Услыхав эти слова, Абуль Гассан был так взволнован, что новый переворот потряс его внутренности, и желтая окраска сошла с его лица, и вместо нее прихлынула алая кровь, которая и вернула ему его прежний цвет лица и прежний румянец, равный в блеске своем луне в ночь полнолуния. И халиф, приказав принести зеркало, приблизил его к лицу Абуль Гассана, который пал на колени, чтобы возблагодарить освободителя. И халиф, приказав перенести в дом Абуль Гассана все сложенное здесь золото, пригласил его почаще приходить к нему и воскликнул:
— Нет Бога, кроме Аллаха! Хвала Тому, Кто может производить одну перемену за другой и Кто один остается Неизменным!
— И такова, о царь благословенный, — продолжала Шахерезада, — история желтолицего юноши. Но она, конечно, не может сравниться с историей Цветка Граната и Улыбки Луны!
И царь Шахрияр воскликнул:
— О Шахерезада, я не сомневаюсь в правдивости слов твоих!

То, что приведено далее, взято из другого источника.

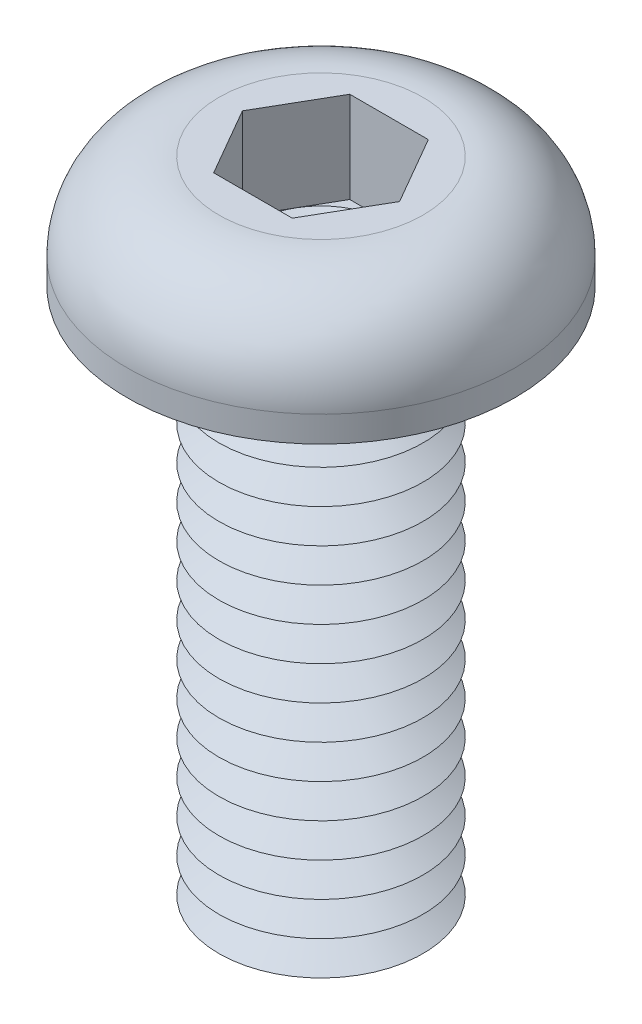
ISO-10303-21;
HEADER;
FILE_DESCRIPTION(('STEP AP214'),'2;1');
FILE_NAME('part.step','',(''),(''),'','','');
FILE_SCHEMA(('AUTOMOTIVE_DESIGN { 1 0 10303 214 1 1 1 1 }'));
ENDSEC;
DATA;
#1=APPLICATION_CONTEXT('core data for automotive mechanical design processes');
#2=APPLICATION_PROTOCOL_DEFINITION('international standard','automotive_design',2000,#1);
#3=PRODUCT_CONTEXT('',#1,'mechanical');
#4=PRODUCT('Part','Part','',(#3));
#5=PRODUCT_RELATED_PRODUCT_CATEGORY('part','',(#4));
#6=PRODUCT_DEFINITION_FORMATION('','',#4);
#7=PRODUCT_DEFINITION_CONTEXT('part definition',#1,'design');
#8=PRODUCT_DEFINITION('design','',#6,#7);
#9=PRODUCT_DEFINITION_SHAPE('','',#8);
#10=(LENGTH_UNIT() NAMED_UNIT(*) SI_UNIT(.MILLI.,.METRE.));
#11=(NAMED_UNIT(*) PLANE_ANGLE_UNIT() SI_UNIT($,.RADIAN.));
#12=(NAMED_UNIT(*) SI_UNIT($,.STERADIAN.) SOLID_ANGLE_UNIT());
#13=UNCERTAINTY_MEASURE_WITH_UNIT(LENGTH_MEASURE(1.E-05),#10,'distance_accuracy_value','');
#14=(GEOMETRIC_REPRESENTATION_CONTEXT(3) GLOBAL_UNCERTAINTY_ASSIGNED_CONTEXT((#13)) GLOBAL_UNIT_ASSIGNED_CONTEXT((#10,
#11,#12)) REPRESENTATION_CONTEXT('',''));
#15=CARTESIAN_POINT('',(0.,0.,0.));
#16=DIRECTION('',(0.,0.,1.));
#17=DIRECTION('',(1.,0.,0.));
#18=AXIS2_PLACEMENT_3D('',#15,#16,#17);
#19=CARTESIAN_POINT('',(0.,0.,0.));
#20=DIRECTION('',(0.,-1.,0.));
#21=DIRECTION('',(0.,0.,-1.));
#22=AXIS2_PLACEMENT_3D('',#19,#20,#21);
#23=TOROIDAL_SURFACE('',#22,1.75,0.25);
#24=CARTESIAN_POINT('',(0.,0.,-2.));
#25=VERTEX_POINT('',#24);
#26=VERTEX_LOOP('',#25);
#27=FACE_BOUND('',#26,.T.);
#28=ADVANCED_FACE('P0_F12',(#27),#23,.T.);
#29=CLOSED_SHELL('',(#28));
#30=MANIFOLD_SOLID_BREP('P0_B1',#29);
#31=CARTESIAN_POINT('',(0.577350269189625,0.31,-1.));
#32=DIRECTION('',(0.,1.,0.));
#33=DIRECTION('',(0.,0.,1.));
#34=AXIS2_PLACEMENT_3D('',#31,#32,#33);
#35=PLANE('',#34);
#36=CARTESIAN_POINT('',(0.,0.31,0.));
#37=DIRECTION('',(0.,1.,0.));
#38=DIRECTION('',(0.,0.,1.));
#39=AXIS2_PLACEMENT_3D('',#36,#37,#38);
#40=CIRCLE('',#39,1.);
#41=CARTESIAN_POINT('',(0.,0.31,1.));
#42=VERTEX_POINT('',#41);
#43=CARTESIAN_POINT('',(0.866025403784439,0.31,0.5));
#44=VERTEX_POINT('',#43);
#45=EDGE_CURVE('P1_E93',#42,#44,#40,.T.);
#46=ORIENTED_EDGE('',*,*,#45,.F.);
#47=DIRECTION('',(1.,0.,0.));
#48=VECTOR('',#47,1.);
#49=CARTESIAN_POINT('',(-0.577350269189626,0.31,1.));
#50=LINE('',#49,#48);
#51=CARTESIAN_POINT('',(0.577350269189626,0.31,1.));
#52=VERTEX_POINT('',#51);
#53=EDGE_CURVE('P1_E116',#42,#52,#50,.T.);
#54=ORIENTED_EDGE('',*,*,#53,.T.);
#55=DIRECTION('',(0.5,0.,-0.866025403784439));
#56=VECTOR('',#55,1.);
#57=CARTESIAN_POINT('',(0.577350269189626,0.31,1.));
#58=LINE('',#57,#56);
#59=EDGE_CURVE('P1_E112',#52,#44,#58,.T.);
#60=ORIENTED_EDGE('',*,*,#59,.T.);
#61=EDGE_LOOP('',(#46,#54,#60));
#62=FACE_BOUND('',#61,.T.);
#63=ADVANCED_FACE('P1_F15',(#62),#35,.T.);
#64=CARTESIAN_POINT('',(0.,0.31,0.));
#65=DIRECTION('',(0.,1.,0.));
#66=DIRECTION('',(0.,0.,1.));
#67=AXIS2_PLACEMENT_3D('',#64,#65,#66);
#68=CIRCLE('',#67,1.);
#69=CARTESIAN_POINT('',(0.866025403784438,0.31,-0.5));
#70=VERTEX_POINT('',#69);
#71=EDGE_CURVE('P1_E10',#44,#70,#68,.T.);
#72=ORIENTED_EDGE('',*,*,#71,.F.);
#73=CARTESIAN_POINT('',(1.15470053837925,0.31,0.));
#74=VERTEX_POINT('',#73);
#75=EDGE_CURVE('P1_E104',#44,#74,#58,.T.);
#76=ORIENTED_EDGE('',*,*,#75,.T.);
#77=DIRECTION('',(-0.5,0.,-0.866025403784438));
#78=VECTOR('',#77,1.);
#79=CARTESIAN_POINT('',(1.15470053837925,0.31,0.));
#80=LINE('',#79,#78);
#81=EDGE_CURVE('P1_E107',#74,#70,#80,.T.);
#82=ORIENTED_EDGE('',*,*,#81,.T.);
#83=EDGE_LOOP('',(#72,#76,#82));
#84=FACE_BOUND('',#83,.T.);
#85=ADVANCED_FACE('P1_F103',(#84),#35,.T.);
#86=CARTESIAN_POINT('',(0.,0.31,-1.));
#87=VERTEX_POINT('',#86);
#88=EDGE_CURVE('P1_E24',#70,#87,#68,.T.);
#89=ORIENTED_EDGE('',*,*,#88,.F.);
#90=CARTESIAN_POINT('',(0.577350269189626,0.31,-1.));
#91=VERTEX_POINT('',#90);
#92=EDGE_CURVE('P1_E139',#70,#91,#80,.T.);
#93=ORIENTED_EDGE('',*,*,#92,.T.);
#94=DIRECTION('',(-1.,0.,0.));
#95=VECTOR('',#94,1.);
#96=CARTESIAN_POINT('',(0.577350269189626,0.31,-1.));
#97=LINE('',#96,#95);
#98=EDGE_CURVE('P1_E312',#91,#87,#97,.T.);
#99=ORIENTED_EDGE('',*,*,#98,.T.);
#100=EDGE_LOOP('',(#89,#93,#99));
#101=FACE_BOUND('',#100,.T.);
#102=ADVANCED_FACE('P1_F277',(#101),#35,.T.);
#103=CARTESIAN_POINT('',(-0.866025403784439,0.31,-0.5));
#104=VERTEX_POINT('',#103);
#105=EDGE_CURVE('P1_E307',#87,#104,#68,.T.);
#106=ORIENTED_EDGE('',*,*,#105,.F.);
#107=CARTESIAN_POINT('',(-0.577350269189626,0.31,-1.));
#108=VERTEX_POINT('',#107);
#109=EDGE_CURVE('P1_E316',#87,#108,#97,.T.);
#110=ORIENTED_EDGE('',*,*,#109,.T.);
#111=DIRECTION('',(-0.5,0.,0.866025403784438));
#112=VECTOR('',#111,1.);
#113=CARTESIAN_POINT('',(-0.577350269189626,0.31,-1.));
#114=LINE('',#113,#112);
#115=EDGE_CURVE('P1_E311',#108,#104,#114,.T.);
#116=ORIENTED_EDGE('',*,*,#115,.T.);
#117=EDGE_LOOP('',(#106,#110,#116));
#118=FACE_BOUND('',#117,.T.);
#119=ADVANCED_FACE('P1_F291',(#118),#35,.T.);
#120=CARTESIAN_POINT('',(-0.866025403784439,0.31,0.5));
#121=VERTEX_POINT('',#120);
#122=EDGE_CURVE('P1_E31',#104,#121,#68,.T.);
#123=ORIENTED_EDGE('',*,*,#122,.F.);
#124=CARTESIAN_POINT('',(-1.15470053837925,0.31,0.));
#125=VERTEX_POINT('',#124);
#126=EDGE_CURVE('P1_E303',#104,#125,#114,.T.);
#127=ORIENTED_EDGE('',*,*,#126,.T.);
#128=DIRECTION('',(0.5,0.,0.866025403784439));
#129=VECTOR('',#128,1.);
#130=CARTESIAN_POINT('',(-1.15470053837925,0.31,0.));
#131=LINE('',#130,#129);
#132=EDGE_CURVE('P1_E306',#125,#121,#131,.T.);
#133=ORIENTED_EDGE('',*,*,#132,.T.);
#134=EDGE_LOOP('',(#123,#127,#133));
#135=FACE_BOUND('',#134,.T.);
#136=ADVANCED_FACE('P1_F282',(#135),#35,.T.);
#137=CARTESIAN_POINT('',(0.,-7.5,0.));
#138=DIRECTION('',(0.,1.,0.));
#139=DIRECTION('',(0.,0.,1.));
#140=AXIS2_PLACEMENT_3D('',#137,#138,#139);
#141=CONICAL_SURFACE('',#140,1.06698729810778,1.0471975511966);
#142=CARTESIAN_POINT('',(0.,-7.25,0.));
#143=DIRECTION('',(0.,-1.,0.));
#144=DIRECTION('',(0.,0.,-1.));
#145=AXIS2_PLACEMENT_3D('',#142,#143,#144);
#146=CIRCLE('',#145,1.5);
#147=CARTESIAN_POINT('',(0.,-7.25,-1.5));
#148=VERTEX_POINT('',#147);
#149=EDGE_CURVE('P1_E239',#148,#148,#146,.T.);
#150=ORIENTED_EDGE('',*,*,#149,.T.);
#151=EDGE_LOOP('',(#150));
#152=FACE_BOUND('',#151,.T.);
#153=CARTESIAN_POINT('',(0.,-7.5,0.));
#154=DIRECTION('',(0.,-1.,0.));
#155=DIRECTION('',(0.,0.,-1.));
#156=AXIS2_PLACEMENT_3D('',#153,#154,#155);
#157=CIRCLE('',#156,1.06698729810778);
#158=CARTESIAN_POINT('',(0.,-7.5,-1.06698729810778));
#159=VERTEX_POINT('',#158);
#160=EDGE_CURVE('P1_E242',#159,#159,#157,.T.);
#161=ORIENTED_EDGE('',*,*,#160,.F.);
#162=EDGE_LOOP('',(#161));
#163=FACE_BOUND('',#162,.T.);
#164=ADVANCED_FACE('P1_F290',(#152,#163),#141,.T.);
#165=CARTESIAN_POINT('',(0.,-7.75,0.));
#166=DIRECTION('',(0.,-1.,0.));
#167=DIRECTION('',(0.,0.,-1.));
#168=AXIS2_PLACEMENT_3D('',#165,#166,#167);
#169=CONICAL_SURFACE('',#168,1.5,1.0471975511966);
#170=ORIENTED_EDGE('',*,*,#160,.T.);
#171=EDGE_LOOP('',(#170));
#172=FACE_BOUND('',#171,.T.);
#173=CARTESIAN_POINT('',(0.,-7.75,0.));
#174=DIRECTION('',(0.,-1.,0.));
#175=DIRECTION('',(0.,0.,-1.));
#176=AXIS2_PLACEMENT_3D('',#173,#174,#175);
#177=CIRCLE('',#176,1.5);
#178=CARTESIAN_POINT('',(0.,-7.75,-1.5));
#179=VERTEX_POINT('',#178);
#180=EDGE_CURVE('P1_E245',#179,#179,#177,.T.);
#181=ORIENTED_EDGE('',*,*,#180,.F.);
#182=EDGE_LOOP('',(#181));
#183=FACE_BOUND('',#182,.T.);
#184=ADVANCED_FACE('P1_F297',(#172,#183),#169,.T.);
#185=CARTESIAN_POINT('',(0.,-8.,0.));
#186=DIRECTION('',(0.,1.,0.));
#187=DIRECTION('',(0.,0.,1.));
#188=AXIS2_PLACEMENT_3D('',#185,#186,#187);
#189=PLANE('',#188);
#190=CARTESIAN_POINT('',(0.,-8.,0.));
#191=DIRECTION('',(0.,-1.,0.));
#192=DIRECTION('',(0.,0.,-1.));
#193=AXIS2_PLACEMENT_3D('',#190,#191,#192);
#194=CIRCLE('',#193,1.06698729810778);
#195=CARTESIAN_POINT('',(0.,-8.,-1.06698729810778));
#196=VERTEX_POINT('',#195);
#197=EDGE_CURVE('P1_E248',#196,#196,#194,.T.);
#198=ORIENTED_EDGE('',*,*,#197,.T.);
#199=EDGE_LOOP('',(#198));
#200=FACE_BOUND('',#199,.T.);
#201=ADVANCED_FACE('P1_F375',(#200),#189,.F.);
#202=CARTESIAN_POINT('',(0.,-8.,0.));
#203=DIRECTION('',(0.,1.,0.));
#204=DIRECTION('',(0.,0.,1.));
#205=AXIS2_PLACEMENT_3D('',#202,#203,#204);
#206=CONICAL_SURFACE('',#205,1.06698729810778,1.0471975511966);
#207=ORIENTED_EDGE('',*,*,#180,.T.);
#208=EDGE_LOOP('',(#207));
#209=FACE_BOUND('',#208,.T.);
#210=ORIENTED_EDGE('',*,*,#197,.F.);
#211=EDGE_LOOP('',(#210));
#212=FACE_BOUND('',#211,.T.);
#213=ADVANCED_FACE('P1_F386',(#209,#212),#206,.T.);
#214=CARTESIAN_POINT('',(0.,-7.,0.));
#215=DIRECTION('',(0.,1.,0.));
#216=DIRECTION('',(0.,0.,1.));
#217=AXIS2_PLACEMENT_3D('',#214,#215,#216);
#218=CONICAL_SURFACE('',#217,1.06698729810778,1.0471975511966);
#219=CARTESIAN_POINT('',(0.,-6.75,0.));
#220=DIRECTION('',(0.,-1.,0.));
#221=DIRECTION('',(0.,0.,-1.));
#222=AXIS2_PLACEMENT_3D('',#219,#220,#221);
#223=CIRCLE('',#222,1.5);
#224=CARTESIAN_POINT('',(0.,-6.75,-1.5));
#225=VERTEX_POINT('',#224);
#226=EDGE_CURVE('P1_E233',#225,#225,#223,.T.);
#227=ORIENTED_EDGE('',*,*,#226,.T.);
#228=EDGE_LOOP('',(#227));
#229=FACE_BOUND('',#228,.T.);
#230=CARTESIAN_POINT('',(0.,-7.,0.));
#231=DIRECTION('',(0.,-1.,0.));
#232=DIRECTION('',(0.,0.,-1.));
#233=AXIS2_PLACEMENT_3D('',#230,#231,#232);
#234=CIRCLE('',#233,1.06698729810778);
#235=CARTESIAN_POINT('',(0.,-7.,-1.06698729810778));
#236=VERTEX_POINT('',#235);
#237=EDGE_CURVE('P1_E236',#236,#236,#234,.T.);
#238=ORIENTED_EDGE('',*,*,#237,.F.);
#239=EDGE_LOOP('',(#238));
#240=FACE_BOUND('',#239,.T.);
#241=ADVANCED_FACE('P1_F395',(#229,#240),#218,.T.);
#242=CARTESIAN_POINT('',(0.,-7.25,0.));
#243=DIRECTION('',(0.,-1.,0.));
#244=DIRECTION('',(0.,0.,-1.));
#245=AXIS2_PLACEMENT_3D('',#242,#243,#244);
#246=CONICAL_SURFACE('',#245,1.5,1.0471975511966);
#247=ORIENTED_EDGE('',*,*,#237,.T.);
#248=EDGE_LOOP('',(#247));
#249=FACE_BOUND('',#248,.T.);
#250=ORIENTED_EDGE('',*,*,#149,.F.);
#251=EDGE_LOOP('',(#250));
#252=FACE_BOUND('',#251,.T.);
#253=ADVANCED_FACE('P1_F404',(#249,#252),#246,.T.);
#254=CARTESIAN_POINT('',(0.,-6.5,0.));
#255=DIRECTION('',(0.,1.,0.));
#256=DIRECTION('',(0.,0.,1.));
#257=AXIS2_PLACEMENT_3D('',#254,#255,#256);
#258=CONICAL_SURFACE('',#257,1.06698729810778,1.0471975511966);
#259=CARTESIAN_POINT('',(0.,-6.25,0.));
#260=DIRECTION('',(0.,-1.,0.));
#261=DIRECTION('',(0.,0.,-1.));
#262=AXIS2_PLACEMENT_3D('',#259,#260,#261);
#263=CIRCLE('',#262,1.5);
#264=CARTESIAN_POINT('',(0.,-6.25,-1.5));
#265=VERTEX_POINT('',#264);
#266=EDGE_CURVE('P1_E227',#265,#265,#263,.T.);
#267=ORIENTED_EDGE('',*,*,#266,.T.);
#268=EDGE_LOOP('',(#267));
#269=FACE_BOUND('',#268,.T.);
#270=CARTESIAN_POINT('',(0.,-6.5,0.));
#271=DIRECTION('',(0.,-1.,0.));
#272=DIRECTION('',(0.,0.,-1.));
#273=AXIS2_PLACEMENT_3D('',#270,#271,#272);
#274=CIRCLE('',#273,1.06698729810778);
#275=CARTESIAN_POINT('',(0.,-6.5,-1.06698729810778));
#276=VERTEX_POINT('',#275);
#277=EDGE_CURVE('P1_E230',#276,#276,#274,.T.);
#278=ORIENTED_EDGE('',*,*,#277,.F.);
#279=EDGE_LOOP('',(#278));
#280=FACE_BOUND('',#279,.T.);
#281=ADVANCED_FACE('P1_F414',(#269,#280),#258,.T.);
#282=CARTESIAN_POINT('',(0.,-6.75,0.));
#283=DIRECTION('',(0.,-1.,0.));
#284=DIRECTION('',(0.,0.,-1.));
#285=AXIS2_PLACEMENT_3D('',#282,#283,#284);
#286=CONICAL_SURFACE('',#285,1.5,1.0471975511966);
#287=ORIENTED_EDGE('',*,*,#277,.T.);
#288=EDGE_LOOP('',(#287));
#289=FACE_BOUND('',#288,.T.);
#290=ORIENTED_EDGE('',*,*,#226,.F.);
#291=EDGE_LOOP('',(#290));
#292=FACE_BOUND('',#291,.T.);
#293=ADVANCED_FACE('P1_F424',(#289,#292),#286,.T.);
#294=CARTESIAN_POINT('',(0.,-6.,0.));
#295=DIRECTION('',(0.,1.,0.));
#296=DIRECTION('',(0.,0.,1.));
#297=AXIS2_PLACEMENT_3D('',#294,#295,#296);
#298=CONICAL_SURFACE('',#297,1.06698729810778,1.0471975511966);
#299=CARTESIAN_POINT('',(0.,-5.75,0.));
#300=DIRECTION('',(0.,-1.,0.));
#301=DIRECTION('',(0.,0.,-1.));
#302=AXIS2_PLACEMENT_3D('',#299,#300,#301);
#303=CIRCLE('',#302,1.5);
#304=CARTESIAN_POINT('',(0.,-5.75,-1.5));
#305=VERTEX_POINT('',#304);
#306=EDGE_CURVE('P1_E221',#305,#305,#303,.T.);
#307=ORIENTED_EDGE('',*,*,#306,.T.);
#308=EDGE_LOOP('',(#307));
#309=FACE_BOUND('',#308,.T.);
#310=CARTESIAN_POINT('',(0.,-6.,0.));
#311=DIRECTION('',(0.,-1.,0.));
#312=DIRECTION('',(0.,0.,-1.));
#313=AXIS2_PLACEMENT_3D('',#310,#311,#312);
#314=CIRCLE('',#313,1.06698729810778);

Поспеши же рассказать мне историю Цветка Граната и Улыбки Луны, ибо я не знаю ее!
И Шахерезада начала:
ИСТОРИЯ ЦВЕТКА ГРАНАТА И УЛЫБКИ ЛУНЫ
О царь благословенный, до меня дошло, что некогда, в древности времен, в лета и дни давно минувшей поры, был в странах аджамитских[17] царь по имени Шахраман и столицей его был Белый город.
И у царя этого было сто наложниц, но все они были поражены бесплодием, ибо ни от одной из них не удалось ему иметь детей, хотя бы даже женского пола. Но вот однажды, когда он заседал в приемной зале среди своих визирей, эмиров и вельмож своего царства и беседовал с ними не о скучных делах управления, но о поэзии и науках, об истории и искусстве врачевания и вообще обо всем, что помогало ему забыть тоску своего одиночества без потомства и скорбь о том, что некому передать по наследству престол, завещанный ему его отцами и дедами, в залу вошел молодой мамелюк и сказал ему:
— О государь мой, у дверей стоит вместе с продавцом юная невольница, столь прекрасная, что никогда не видел человеческий глаз большей красоты.
И царь сказал:
— Так приведи ко мне и продавца, и невольницу!
И мамелюк поспешил ввести продавца и его прекрасную невольницу.
И, увидав ее, царь сравнил ее в душе своей с тонким литым копьем. И так как она была окутана покрывалом из синего шелка с золотыми полосками, закрывавшим ее голову и лицо, то купец снял его — и вся зала осветилась красотой ее, и волосы ее упали ей на спину семью толстыми косами, которые касались браслетов на ногах ее, подобно роскошным волнам волос, спускающимся до земли за крупом чистокровной кобылицы. И царственный стан ее был дивно строен и мог поспорить в гибкости с тонким стеблем ивовых ветвей. Ее очи, черные и удлиненной формы, были полны молний, пронизывающих сердца, и один вид ее мог исцелить болящих и калек. Что же касается ее благословенных бедер, объекта желаний и стремлений, то они были, по правде говоря, настолько роскошны, что сам купец не мог найти завесу, достаточно большую, чтобы обернуть их.